What you need to do:
Using the listing below, copy exactly the lines from the one containing "arc A20 (17.1, -207.0955)" to the one containing "line L64 (307.5, -20) -> (20, -307.5)", both lines included, and no others.

#### Records provided ####

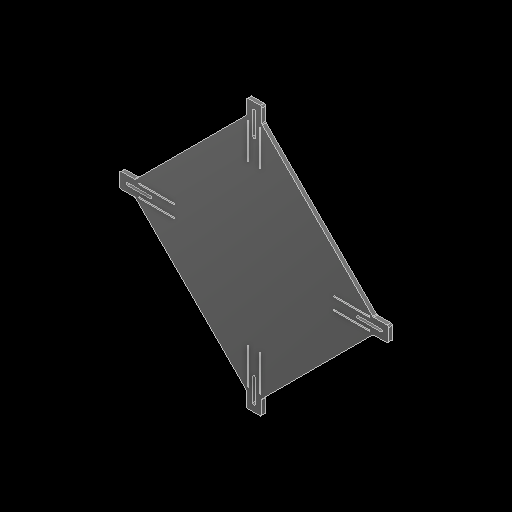
# Autodesk Inventor part: base_plate
Saved by Autodesk Inventor 2026.1 (Build 301233000, 233)
## iProperties
Created: 2025-09-14
Part Number: base_plate
Material: Aluminum 6061
Document SubType Name: Modeling
Designer: drago
Density: 2.7 g/cm^3
Appearance: Smooth - Black
Author: drago
Autodesk Inventor part; units mm, degrees
ref_plane "YZ Plane" through (0, 0, 0) normal (1, 0, 0) x (0, 1, 0)
ref_plane "XZ Plane" through (0, 0, 0) normal (0, 1, 0) x (-1, 0, 0)
ref_plane "XY Plane" through (0, 0, 0) normal (0, 0, 1) x (1, 0, 0)
sketch "Sketch2" plane through (0, 0, 0) normal (0, 0, 1) x (1, 0, 0)
  line L0 (307.5, 20) -> (347.5, 20)
  line L1 (347.5, 20) -> (347.5, -20)
  line L2 (347.5, -20) -> (307.5, -20)
  line L3 (307.5, -20) -> (307.5, 20)
  line L4 (307.5, 20) -> (347.5, -20) construction
  line L5 (347.5, 20) -> (307.5, -20) construction
  line L6 (327.5, 0) -> (-327.5, 0) construction
  line L7 (0, -327.5) -> (0, 327.5) construction
  line L8 (327.5, 0) -> (268.3955, 0) construction
  line L9 (327.5, 3.4) -> (268.3955, 3.4)
  line L10 (268.3955, -3.4) -> (327.5, -3.4)
  arc A0 (327.5, -3.4) -> (327.5, 3.4) centre (327.5, 0) ccw
  arc A1 (268.3955, 3.4) -> (268.3955, -3.4) centre (268.3955, 0) ccw
  line L11 (207.0955, 15.5) -> (297.2, 15.5) construction
  line L12 (207.0955, 13.9) -> (297.2, 13.9)
  line L13 (297.2, 17.1) -> (207.0955, 17.1)
  arc A2 (207.0955, 17.1) -> (207.0955, 13.9) centre (207.0955, 15.5) ccw
  arc A3 (297.2, 13.9) -> (297.2, 17.1) centre (297.2, 15.5) ccw
  line L14 (207.0955, -15.5) -> (297.2, -15.5) construction
  line L15 (207.0955, -17.1) -> (297.2, -17.1)
  line L16 (297.2, -13.9) -> (207.0955, -13.9)
  arc A4 (207.0955, -13.9) -> (207.0955, -17.1) centre (207.0955, -15.5) ccw
  arc A5 (297.2, -17.1) -> (297.2, -13.9) centre (297.2, -15.5) ccw
  arc A6 (-3.4, 268.3955) -> (3.4, 268.3955) centre (0, 268.3955) ccw
  line L17 (-13.9, 207.0955) -> (-13.9, 297.2)
  line L18 (-15.5, 207.0955) -> (-15.5, 297.2) construction
  line L19 (-17.1, 297.2) -> (-17.1, 207.0955)
  line L20 (17.1, 207.0955) -> (17.1, 297.2)
  line L21 (13.9, 297.2) -> (13.9, 207.0955)
  arc A7 (17.1, 297.2) -> (13.9, 297.2) centre (15.5, 297.2) ccw
  line L22 (20, 307.5) -> (-20, 307.5)
  line L23 (15.5, 207.0955) -> (15.5, 297.2) construction
  arc A8 (-17.1, 207.0955) -> (-13.9, 207.0955) centre (-15.5, 207.0955) ccw
  arc A9 (13.9, 207.0955) -> (17.1, 207.0955) centre (15.5, 207.0955) ccw
  line L24 (-20, 307.5) -> (-20, 347.5)
  line L25 (-20, 347.5) -> (20, 347.5)
  line L26 (20, 347.5) -> (20, 307.5)
  line L27 (-20, 307.5) -> (20, 347.5) construction
  line L28 (-20, 347.5) -> (20, 307.5) construction
  arc A10 (-13.9, 297.2) -> (-17.1, 297.2) centre (-15.5, 297.2) ccw
  line L29 (0, 327.5) -> (0, 268.3955) construction
  line L30 (3.4, 268.3955) -> (3.4, 327.5)
  arc A11 (3.4, 327.5) -> (-3.4, 327.5) centre (0, 327.5) ccw
  line L31 (-3.4, 327.5) -> (-3.4, 268.3955)
  arc A12 (-268.3955, -3.4) -> (-268.3955, 3.4) centre (-268.3955, 0) ccw
  line L32 (-207.0955, -13.9) -> (-297.2, -13.9)
  line L33 (-207.0955, -15.5) -> (-297.2, -15.5) construction
  line L34 (-297.2, -17.1) -> (-207.0955, -17.1)
  line L35 (-207.0955, 17.1) -> (-297.2, 17.1)
  line L36 (-297.2, 13.9) -> (-207.0955, 13.9)
  arc A13 (-297.2, 17.1) -> (-297.2, 13.9) centre (-297.2, 15.5) ccw
  line L37 (-307.5, 20) -> (-307.5, -20)
  line L38 (-207.0955, 15.5) -> (-297.2, 15.5) construction
  arc A14 (-207.0955, -17.1) -> (-207.0955, -13.9) centre (-207.0955, -15.5) ccw
  arc A15 (-207.0955, 13.9) -> (-207.0955, 17.1) centre (-207.0955, 15.5) ccw
  line L39 (-307.5, -20) -> (-347.5, -20)
  line L40 (-347.5, -20) -> (-347.5, 20)
  line L41 (-347.5, 20) -> (-307.5, 20)
  line L42 (-307.5, -20) -> (-347.5, 20) construction
  line L43 (-347.5, -20) -> (-307.5, 20) construction
  arc A16 (-297.2, -13.9) -> (-297.2, -17.1) centre (-297.2, -15.5) ccw
  line L44 (-327.5, 0) -> (-268.3955, 0) construction
  line L45 (-268.3955, 3.4) -> (-327.5, 3.4)
  arc A17 (-327.5, 3.4) -> (-327.5, -3.4) centre (-327.5, 0) ccw
  line L46 (-327.5, -3.4) -> (-268.3955, -3.4)
  arc A18 (3.4, -268.3955) -> (-3.4, -268.3955) centre (0, -268.3955) ccw
  line L47 (13.9, -207.0955) -> (13.9, -297.2)
  line L48 (15.5, -207.0955) -> (15.5, -297.2) construction
  line L49 (17.1, -297.2) -> (17.1, -207.0955)
  line L50 (-17.1, -207.0955) -> (-17.1, -297.2)
  line L51 (-13.9, -297.2) -> (-13.9, -207.0955)
  arc A19 (-17.1, -297.2) -> (-13.9, -297.2) centre (-15.5, -297.2) ccw
  line L52 (-20, -307.5) -> (20, -307.5)
  line L53 (-15.5, -207.0955) -> (-15.5, -297.2) construction
  arc A20 (17.1, -207.0955) -> (13.9, -207.0955) centre (15.5, -207.0955) ccw
  arc A21 (-13.9, -207.0955) -> (-17.1, -207.0955) centre (-15.5, -207.0955) ccw
  line L54 (20, -307.5) -> (20, -347.5)
  line L55 (20, -347.5) -> (-20, -347.5)
  line L56 (-20, -347.5) -> (-20, -307.5)
  line L57 (20, -307.5) -> (-20, -347.5) construction
  line L58 (20, -347.5) -> (-20, -307.5) construction
  arc A22 (13.9, -297.2) -> (17.1, -297.2) centre (15.5, -297.2) ccw
  line L59 (0, -327.5) -> (0, -268.3955) construction
  line L60 (-3.4, -268.3955) -> (-3.4, -327.5)
  arc A23 (-3.4, -327.5) -> (3.4, -327.5) centre (0, -327.5) ccw
  line L61 (3.4, -327.5) -> (3.4, -268.3955)
  line L62 (-307.5, 20) -> (-20, 307.5)
  line L63 (20, 307.5) -> (307.5, 20)
  line L64 (307.5, -20) -> (20, -307.5)
  line L65 (-20, -307.5) -> (-307.5, -20)
  point P0 (0, 0)
  point P1 (297.9478, 0)
  point P2 (252.1478, 15.5)
  point P3 (252.1478, -15.5)
  point P4 (15.5, 252.1478)
  point P5 (-15.5, 252.1478)
  point P6 (0, 297.9478)
  point P7 (-252.1478, 15.5)
  point P8 (-252.1478, -15.5)
  point P9 (-297.9478, 0)
  point P10 (-15.5, -252.1478)
  point P11 (15.5, -252.1478)
  point P12 (0, -297.9478)
  dimension "d148" = 40
  dimension "d149" = 655
  dimension "d154" = 59.1045
  dimension "d155" = 6.8
  dimension "d156" = 90.1045
  dimension "d157" = 3.2
  dimension "d171" = 31
  dimension "d172" = 10.3
  dimension "d173" = 10.3
  dimension "d176" = 360
  constraints: 156 end point, 48 point on circle, 24 centre point, 12 tangent, 7 midpoint, 5 parallel, 4 horizontal, 3 equal length, 3 perpendicular, 2 collinear, 1 equal radius, 1 point on line, 1 vertical, 187 other
  measures "d148" distance of L0.end L1.end
  measures "d149" distance of L6.start L6.end
  measures "d154" distance of L6.start L8.end
  measures "d155" diameter of A1
  measures "d156" distance of L11.start L11.end
  measures "d157" diameter of A3
  measures "d171" distance between parallel lines of L14 L11
  measures "d172" distance from line of L3 L11.end
  measures "d173" distance from line of L3 L14.end
extrude "Extrusion10" add sketch "Sketch2" against normal blind 10 contours L0 L1 L2 L3 L10 A0 L9 | L3 L9 A1 L10 L64 L52 L61 A18 L60 L65 L37 L46 A12 L45 L62 L22 L31 A6 L30 L63 | L22 L30 A11 L31 L24 L25 L26 | L54 L55 L56 L52 L60 A23 L61 | L37 L45 A17 L46 L39 L40 L41
fillet "Fillet8" radius 4 16 edges at (20, 347.5, -5) (-20, 347.5, -5) (-20, 307.5, -5) (-307.5, 20, -5) (-347.5, 20, -5) (-347.5, -20, -5) (347.5, 20, -5) (-20, -307.5, -5) (-20, -347.5, -5) (20, 307.5, -5) (20, -347.5, -5) (347.5, -20, -5) (307.5, -20, -5) (20, -307.5, -5) (307.5, 20, -5) (-307.5, -20, -5)
equation "\"ring_inner_diam\" = 565"
equation "\"ring_outer_diam\" = 615"
equation "\"dist_motor_bar\" = 10.3"
equation "\"motor_slot_diam\" = 3.2"
equation "\"motor_slot_length\" = 90.1045"
equation "\"bar_slot_diam\" = 6.8"
equation "\"bar_slot_length\" = 59.1045"
equation "\"dist_motor_holes\" = 31"
equation "\"diag_dist_bar_holes_old_fridge\" = 536.791"
equation "\"motor_dist_slots\" = 31"
equation "\"d162\" = 31"
equation "\"d163\" = 59.1045"
equation "\"d164\" = 536.791"
equation "\"d165\" = 615"
equation "\"d167\" = 565"
body "Solid4"

####

Completed exercise:
  arc A20 (17.1, -207.0955) -> (13.9, -207.0955) centre (15.5, -207.0955) ccw
  arc A21 (-13.9, -207.0955) -> (-17.1, -207.0955) centre (-15.5, -207.0955) ccw
  line L54 (20, -307.5) -> (20, -347.5)
  line L55 (20, -347.5) -> (-20, -347.5)
  line L56 (-20, -347.5) -> (-20, -307.5)
  line L57 (20, -307.5) -> (-20, -347.5) construction
  line L58 (20, -347.5) -> (-20, -307.5) construction
  arc A22 (13.9, -297.2) -> (17.1, -297.2) centre (15.5, -297.2) ccw
  line L59 (0, -327.5) -> (0, -268.3955) construction
  line L60 (-3.4, -268.3955) -> (-3.4, -327.5)
  arc A23 (-3.4, -327.5) -> (3.4, -327.5) centre (0, -327.5) ccw
  line L61 (3.4, -327.5) -> (3.4, -268.3955)
  line L62 (-307.5, 20) -> (-20, 307.5)
  line L63 (20, 307.5) -> (307.5, 20)
  line L64 (307.5, -20) -> (20, -307.5)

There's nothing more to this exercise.